Exercise description
For the material below, return exactly the lines starting at the one holding "#66=ORIENTED_EDGE('',*,*,#65,.F.);" and ending at the one holding "#116=PLANE('',#115);", counting both as part of the range.

Exercise input
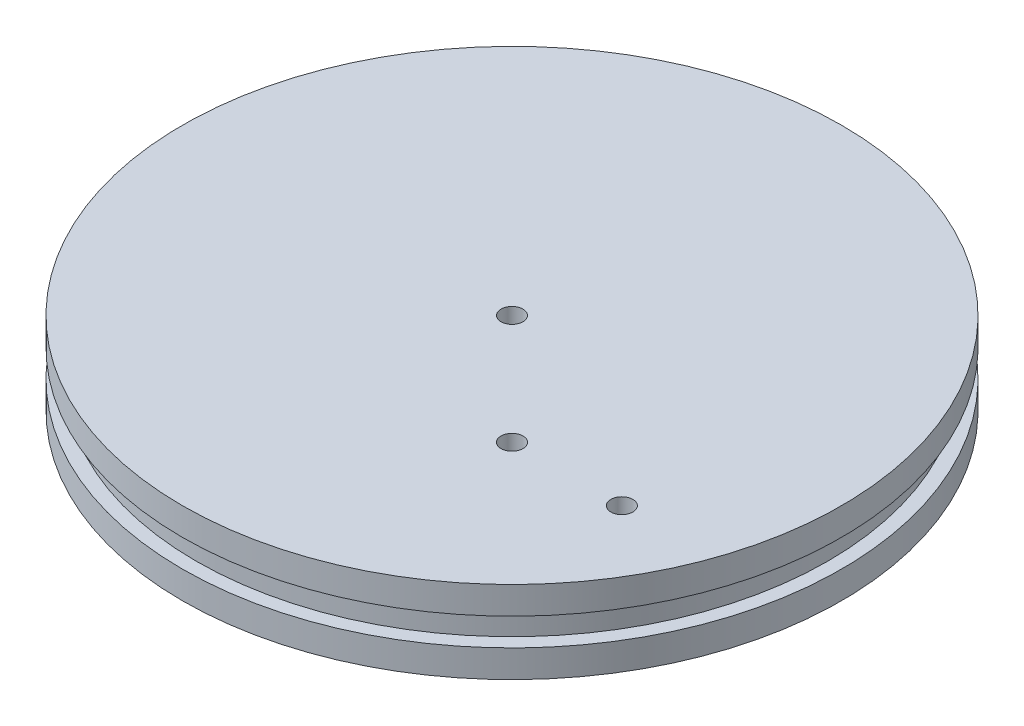
ISO-10303-21;
HEADER;
FILE_DESCRIPTION(('STEP AP214'),'2;1');
FILE_NAME('part.step','',(''),(''),'','','');
FILE_SCHEMA(('AUTOMOTIVE_DESIGN { 1 0 10303 214 1 1 1 1 }'));
ENDSEC;
DATA;
#1=APPLICATION_CONTEXT('core data for automotive mechanical design processes');
#2=APPLICATION_PROTOCOL_DEFINITION('international standard','automotive_design',2000,#1);
#3=PRODUCT_CONTEXT('',#1,'mechanical');
#4=PRODUCT('Part','Part','',(#3));
#5=PRODUCT_RELATED_PRODUCT_CATEGORY('part','',(#4));
#6=PRODUCT_DEFINITION_FORMATION('','',#4);
#7=PRODUCT_DEFINITION_CONTEXT('part definition',#1,'design');
#8=PRODUCT_DEFINITION('design','',#6,#7);
#9=PRODUCT_DEFINITION_SHAPE('','',#8);
#10=(LENGTH_UNIT() NAMED_UNIT(*) SI_UNIT(.MILLI.,.METRE.));
#11=(NAMED_UNIT(*) PLANE_ANGLE_UNIT() SI_UNIT($,.RADIAN.));
#12=(NAMED_UNIT(*) SI_UNIT($,.STERADIAN.) SOLID_ANGLE_UNIT());
#13=UNCERTAINTY_MEASURE_WITH_UNIT(LENGTH_MEASURE(1.E-05),#10,'distance_accuracy_value','');
#14=(GEOMETRIC_REPRESENTATION_CONTEXT(3) GLOBAL_UNCERTAINTY_ASSIGNED_CONTEXT((#13)) GLOBAL_UNIT_ASSIGNED_CONTEXT((#10,
#11,#12)) REPRESENTATION_CONTEXT('',''));
#15=CARTESIAN_POINT('',(0.,0.,0.));
#16=DIRECTION('',(0.,0.,1.));
#17=DIRECTION('',(1.,0.,0.));
#18=AXIS2_PLACEMENT_3D('',#15,#16,#17);
#19=CARTESIAN_POINT('',(0.,19.05,0.));
#20=DIRECTION('',(0.,-1.,0.));
#21=DIRECTION('',(0.,0.,-1.));
#22=AXIS2_PLACEMENT_3D('',#19,#20,#21);
#23=CYLINDRICAL_SURFACE('',#22,76.2);
#24=CARTESIAN_POINT('',(0.,0.,0.));
#25=DIRECTION('',(0.,1.,0.));
#26=DIRECTION('',(0.,0.,1.));
#27=AXIS2_PLACEMENT_3D('',#24,#25,#26);
#28=CIRCLE('',#27,76.2);
#29=CARTESIAN_POINT('',(0.,0.,76.2));
#30=VERTEX_POINT('',#29);
#31=EDGE_CURVE('E35',#30,#30,#28,.T.);
#32=ORIENTED_EDGE('',*,*,#31,.T.);
#33=EDGE_LOOP('',(#32));
#34=FACE_BOUND('',#33,.T.);
#35=CARTESIAN_POINT('',(0.,6.35,0.));
#36=DIRECTION('',(0.,-1.,0.));
#37=DIRECTION('',(0.,0.,-1.));
#38=AXIS2_PLACEMENT_3D('',#35,#36,#37);
#39=CIRCLE('',#38,76.2);
#40=CARTESIAN_POINT('',(0.,6.35,-76.2));
#41=VERTEX_POINT('',#40);
#42=EDGE_CURVE('E59',#41,#41,#39,.T.);
#43=ORIENTED_EDGE('',*,*,#42,.T.);
#44=EDGE_LOOP('',(#43));
#45=FACE_BOUND('',#44,.T.);
#46=ADVANCED_FACE('F32',(#34,#45),#23,.T.);
#47=CARTESIAN_POINT('',(0.,19.05,0.));
#48=DIRECTION('',(0.,1.,0.));
#49=DIRECTION('',(0.,0.,1.));
#50=AXIS2_PLACEMENT_3D('',#47,#48,#49);
#51=CIRCLE('',#50,76.2);
#52=CARTESIAN_POINT('',(0.,19.05,76.2));
#53=VERTEX_POINT('',#52);
#54=EDGE_CURVE('E10',#53,#53,#51,.T.);
#55=ORIENTED_EDGE('',*,*,#54,.F.);
#56=EDGE_LOOP('',(#55));
#57=FACE_BOUND('',#56,.T.);
#58=CARTESIAN_POINT('',(0.,12.7,0.));
#59=DIRECTION('',(0.,-1.,0.));
#60=DIRECTION('',(0.,0.,-1.));
#61=AXIS2_PLACEMENT_3D('',#58,#59,#60);
#62=CIRCLE('',#61,76.2);
#63=CARTESIAN_POINT('',(0.,12.7,-76.2));
#64=VERTEX_POINT('',#63);
#65=EDGE_CURVE('E70',#64,#64,#62,.T.);
#66=ORIENTED_EDGE('',*,*,#65,.F.);
#67=EDGE_LOOP('',(#66));
#68=FACE_BOUND('',#67,.T.);
#69=ADVANCED_FACE('F77',(#57,#68),#23,.T.);
#70=CARTESIAN_POINT('',(0.,19.05,0.));
#71=DIRECTION('',(0.,1.,0.));
#72=DIRECTION('',(0.,0.,1.));
#73=AXIS2_PLACEMENT_3D('',#70,#71,#72);
#74=PLANE('',#73);
#75=CARTESIAN_POINT('',(25.4,19.05,25.4));
#76=DIRECTION('',(0.,1.,0.));
#77=DIRECTION('',(0.,0.,1.));
#78=AXIS2_PLACEMENT_3D('',#75,#76,#77);
#79=CIRCLE('',#78,2.54);
#80=CARTESIAN_POINT('',(25.4,19.05,27.94));
#81=VERTEX_POINT('',#80);
#82=EDGE_CURVE('E47',#81,#81,#79,.T.);
#83=ORIENTED_EDGE('',*,*,#82,.F.);
#84=EDGE_LOOP('',(#83));
#85=FACE_BOUND('',#84,.T.);
#86=ORIENTED_EDGE('',*,*,#54,.T.);
#87=EDGE_LOOP('',(#86));
#88=FACE_BOUND('',#87,.T.);
#89=CARTESIAN_POINT('',(0.,19.05,0.));
#90=DIRECTION('',(0.,1.,0.));
#91=DIRECTION('',(0.,0.,1.));
#92=AXIS2_PLACEMENT_3D('',#89,#90,#91);
#93=CIRCLE('',#92,2.54);
#94=CARTESIAN_POINT('',(0.,19.05,2.54));
#95=VERTEX_POINT('',#94);
#96=EDGE_CURVE('E42',#95,#95,#93,.T.);
#97=ORIENTED_EDGE('',*,*,#96,.F.);
#98=EDGE_LOOP('',(#97));
#99=FACE_BOUND('',#98,.T.);
#100=CARTESIAN_POINT('',(50.8,19.05,25.4));
#101=DIRECTION('',(0.,1.,0.));
#102=DIRECTION('',(0.,0.,1.));
#103=AXIS2_PLACEMENT_3D('',#100,#101,#102);
#104=CIRCLE('',#103,2.54);
#105=CARTESIAN_POINT('',(50.8,19.05,27.94));
#106=VERTEX_POINT('',#105);
#107=EDGE_CURVE('E53',#106,#106,#104,.T.);
#108=ORIENTED_EDGE('',*,*,#107,.F.);
#109=EDGE_LOOP('',(#108));
#110=FACE_BOUND('',#109,.T.);
#111=ADVANCED_FACE('F79',(#85,#88,#99,#110),#74,.T.);
#112=CARTESIAN_POINT('',(0.,0.,0.));
#113=DIRECTION('',(0.,1.,0.));
#114=DIRECTION('',(0.,0.,1.));
#115=AXIS2_PLACEMENT_3D('',#112,#113,#114);
#116=PLANE('',#115);
#117=ORIENTED_EDGE('',*,*,#31,.F.);
#118=EDGE_LOOP('',(#117));
#119=FACE_BOUND('',#118,.T.);
#120=CARTESIAN_POINT('',(0.,0.,0.));
#121=DIRECTION('',(0.,1.,0.));
#122=DIRECTION('',(0.,0.,1.));
#123=AXIS2_PLACEMENT_3D('',#120,#121,#122);
#124=CIRCLE('',#123,2.54);
#125=CARTESIAN_POINT('',(0.,0.,2.54));
#126=VERTEX_POINT('',#125);
#127=EDGE_CURVE('E44',#126,#126,#124,.T.);
#128=ORIENTED_EDGE('',*,*,#127,.T.);
#129=EDGE_LOOP('',(#128));
#130=FACE_BOUND('',#129,.T.);
#131=CARTESIAN_POINT('',(25.4,0.,25.4));
#132=DIRECTION('',(0.,1.,0.));
#133=DIRECTION('',(0.,0.,1.));
#134=AXIS2_PLACEMENT_3D('',#131,#132,#133);
#135=CIRCLE('',#134,2.54);
#136=CARTESIAN_POINT('',(25.4,0.,27.94));
#137=VERTEX_POINT('',#136);
#138=EDGE_CURVE('E50',#137,#137,#135,.T.);
#139=ORIENTED_EDGE('',*,*,#138,.T.);
#140=EDGE_LOOP('',(#139));
#141=FACE_BOUND('',#140,.T.);
#142=CARTESIAN_POINT('',(50.8,0.,25.4));
#143=DIRECTION('',(0.,1.,0.));
#144=DIRECTION('',(0.,0.,1.));
#145=AXIS2_PLACEMENT_3D('',#142,#143,#144);
#146=CIRCLE('',#145,2.54);
#147=CARTESIAN_POINT('',(50.8,0.,27.94));
#148=VERTEX_POINT('',#147);
#149=EDGE_CURVE('E56',#148,#148,#146,.T.);
#150=ORIENTED_EDGE('',*,*,#149,.T.);
#151=EDGE_LOOP('',(#150));
#152=FACE_BOUND('',#151,.T.);
#153=ADVANCED_FACE('F85',(#119,#130,#141,#152),#116,.F.);
#154=CARTESIAN_POINT('',(0.,19.05,0.));
#155=DIRECTION('',(0.,-1.,0.));
#156=DIRECTION('',(0.,0.,-1.));
#157=AXIS2_PLACEMENT_3D('',#154,#155,#156);
#158=CYLINDRICAL_SURFACE('',#157,2.54);
#159=ORIENTED_EDGE('',*,*,#96,.T.);
#160=EDGE_LOOP('',(#159));
#161=FACE_BOUND('',#160,.T.);
#162=ORIENTED_EDGE('',*,*,#127,.F.);
#163=EDGE_LOOP('',(#162));
#164=FACE_BOUND('',#163,.T.);
#165=ADVANCED_FACE('F114',(#161,#164),#158,.F.);
#166=CARTESIAN_POINT('',(25.4,19.05,25.4));
#167=DIRECTION('',(0.,-1.,0.));
#168=DIRECTION('',(0.,0.,-1.));
#169=AXIS2_PLACEMENT_3D('',#166,#167,#168);
#170=CYLINDRICAL_SURFACE('',#169,2.54);
#171=ORIENTED_EDGE('',*,*,#82,.T.);
#172=EDGE_LOOP('',(#171));
#173=FACE_BOUND('',#172,.T.);
#174=ORIENTED_EDGE('',*,*,#138,.F.);
#175=EDGE_LOOP('',(#174));
#176=FACE_BOUND('',#175,.T.);
#177=ADVANCED_FACE('F107',(#173,#176),#170,.F.);
#178=CARTESIAN_POINT('',(50.8,19.05,25.4));
#179=DIRECTION('',(0.,-1.,0.));
#180=DIRECTION('',(0.,0.,-1.));
#181=AXIS2_PLACEMENT_3D('',#178,#179,#180);
#182=CYLINDRICAL_SURFACE('',#181,2.54);
#183=ORIENTED_EDGE('',*,*,#107,.T.);
#184=EDGE_LOOP('',(#183));
#185=FACE_BOUND('',#184,.T.);
#186=ORIENTED_EDGE('',*,*,#149,.F.);
#187=EDGE_LOOP('',(#186));
#188=FACE_BOUND('',#187,.T.);
#189=ADVANCED_FACE('F98',(#185,#188),#182,.F.);
#190=CARTESIAN_POINT('',(-76.2,6.35,0.));
#191=DIRECTION('',(0.,1.,0.));
#192=DIRECTION('',(0.,0.,1.));
#193=AXIS2_PLACEMENT_3D('',#190,#191,#192);
#194=PLANE('',#193);
#195=CARTESIAN_POINT('',(0.,6.35,0.));
#196=DIRECTION('',(0.,-1.,0.));
#197=DIRECTION('',(0.,0.,-1.));
#198=AXIS2_PLACEMENT_3D('',#195,#196,#197);
#199=CIRCLE('',#198,73.025);
#200=CARTESIAN_POINT('',(0.,6.35,-73.025));
#201=VERTEX_POINT('',#200);
#202=EDGE_CURVE('E64',#201,#201,#199,.T.);
#203=ORIENTED_EDGE('',*,*,#202,.T.);
#204=EDGE_LOOP('',(#203));
#205=FACE_BOUND('',#204,.T.);
#206=ORIENTED_EDGE('',*,*,#42,.F.);
#207=EDGE_LOOP('',(#206));
#208=FACE_BOUND('',#207,.T.);
#209=ADVANCED_FACE('F95',(#205,#208),#194,.T.);
#210=CARTESIAN_POINT('',(0.,4.7625,0.));
#211=DIRECTION('',(0.,-1.,0.));
#212=DIRECTION('',(0.,0.,-1.));
#213=AXIS2_PLACEMENT_3D('',#210,#211,#212);
#214=CYLINDRICAL_SURFACE('',#213,73.025);
#215=CARTESIAN_POINT('',(0.,12.7,0.));
#216=DIRECTION('',(0.,-1.,0.));
#217=DIRECTION('',(0.,0.,-1.));
#218=AXIS2_PLACEMENT_3D('',#215,#216,#217);
#219=CIRCLE('',#218,73.025);
#220=CARTESIAN_POINT('',(0.,12.7,-73.025));
#221=VERTEX_POINT('',#220);
#222=EDGE_CURVE('E67',#221,#221,#219,.T.);
#223=ORIENTED_EDGE('',*,*,#222,.T.);
#224=EDGE_LOOP('',(#223));
#225=FACE_BOUND('',#224,.T.);
#226=ORIENTED_EDGE('',*,*,#202,.F.);
#227=EDGE_LOOP('',(#226));
#228=FACE_BOUND('',#227,.T.);
#229=ADVANCED_FACE('F97',(#225,#228),#214,.T.);
#230=CARTESIAN_POINT('',(-76.2,12.7,0.));
#231=DIRECTION('',(0.,-1.,0.));
#232=DIRECTION('',(0.,0.,-1.));
#233=AXIS2_PLACEMENT_3D('',#230,#231,#232);
#234=PLANE('',#233);
#235=ORIENTED_EDGE('',*,*,#65,.T.);
#236=EDGE_LOOP('',(#235));
#237=FACE_BOUND('',#236,.T.);
#238=ORIENTED_EDGE('',*,*,#222,.F.);
#239=EDGE_LOOP('',(#238));
#240=FACE_BOUND('',#239,.T.);
#241=ADVANCED_FACE('F74',(#237,#240),#234,.T.);
#242=CLOSED_SHELL('',(#46,#69,#111,#153,#165,#177,#189,#209,#229,#241));
#243=MANIFOLD_SOLID_BREP('B2',#242);
#244=ADVANCED_BREP_SHAPE_REPRESENTATION('',(#18,#243),#14);
#245=SHAPE_DEFINITION_REPRESENTATION(#9,#244);
ENDSEC;
END-ISO-10303-21;

Solution to this problem
#66=ORIENTED_EDGE('',*,*,#65,.F.);
#67=EDGE_LOOP('',(#66));
#68=FACE_BOUND('',#67,.T.);
#69=ADVANCED_FACE('F77',(#57,#68),#23,.T.);
#70=CARTESIAN_POINT('',(0.,19.05,0.));
#71=DIRECTION('',(0.,1.,0.));
#72=DIRECTION('',(0.,0.,1.));
#73=AXIS2_PLACEMENT_3D('',#70,#71,#72);
#74=PLANE('',#73);
#75=CARTESIAN_POINT('',(25.4,19.05,25.4));
#76=DIRECTION('',(0.,1.,0.));
#77=DIRECTION('',(0.,0.,1.));
#78=AXIS2_PLACEMENT_3D('',#75,#76,#77);
#79=CIRCLE('',#78,2.54);
#80=CARTESIAN_POINT('',(25.4,19.05,27.94));
#81=VERTEX_POINT('',#80);
#82=EDGE_CURVE('E47',#81,#81,#79,.T.);
#83=ORIENTED_EDGE('',*,*,#82,.F.);
#84=EDGE_LOOP('',(#83));
#85=FACE_BOUND('',#84,.T.);
#86=ORIENTED_EDGE('',*,*,#54,.T.);
#87=EDGE_LOOP('',(#86));
#88=FACE_BOUND('',#87,.T.);
#89=CARTESIAN_POINT('',(0.,19.05,0.));
#90=DIRECTION('',(0.,1.,0.));
#91=DIRECTION('',(0.,0.,1.));
#92=AXIS2_PLACEMENT_3D('',#89,#90,#91);
#93=CIRCLE('',#92,2.54);
#94=CARTESIAN_POINT('',(0.,19.05,2.54));
#95=VERTEX_POINT('',#94);
#96=EDGE_CURVE('E42',#95,#95,#93,.T.);
#97=ORIENTED_EDGE('',*,*,#96,.F.);
#98=EDGE_LOOP('',(#97));
#99=FACE_BOUND('',#98,.T.);
#100=CARTESIAN_POINT('',(50.8,19.05,25.4));
#101=DIRECTION('',(0.,1.,0.));
#102=DIRECTION('',(0.,0.,1.));
#103=AXIS2_PLACEMENT_3D('',#100,#101,#102);
#104=CIRCLE('',#103,2.54);
#105=CARTESIAN_POINT('',(50.8,19.05,27.94));
#106=VERTEX_POINT('',#105);
#107=EDGE_CURVE('E53',#106,#106,#104,.T.);
#108=ORIENTED_EDGE('',*,*,#107,.F.);
#109=EDGE_LOOP('',(#108));
#110=FACE_BOUND('',#109,.T.);
#111=ADVANCED_FACE('F79',(#85,#88,#99,#110),#74,.T.);
#112=CARTESIAN_POINT('',(0.,0.,0.));
#113=DIRECTION('',(0.,1.,0.));
#114=DIRECTION('',(0.,0.,1.));
#115=AXIS2_PLACEMENT_3D('',#112,#113,#114);
#116=PLANE('',#115);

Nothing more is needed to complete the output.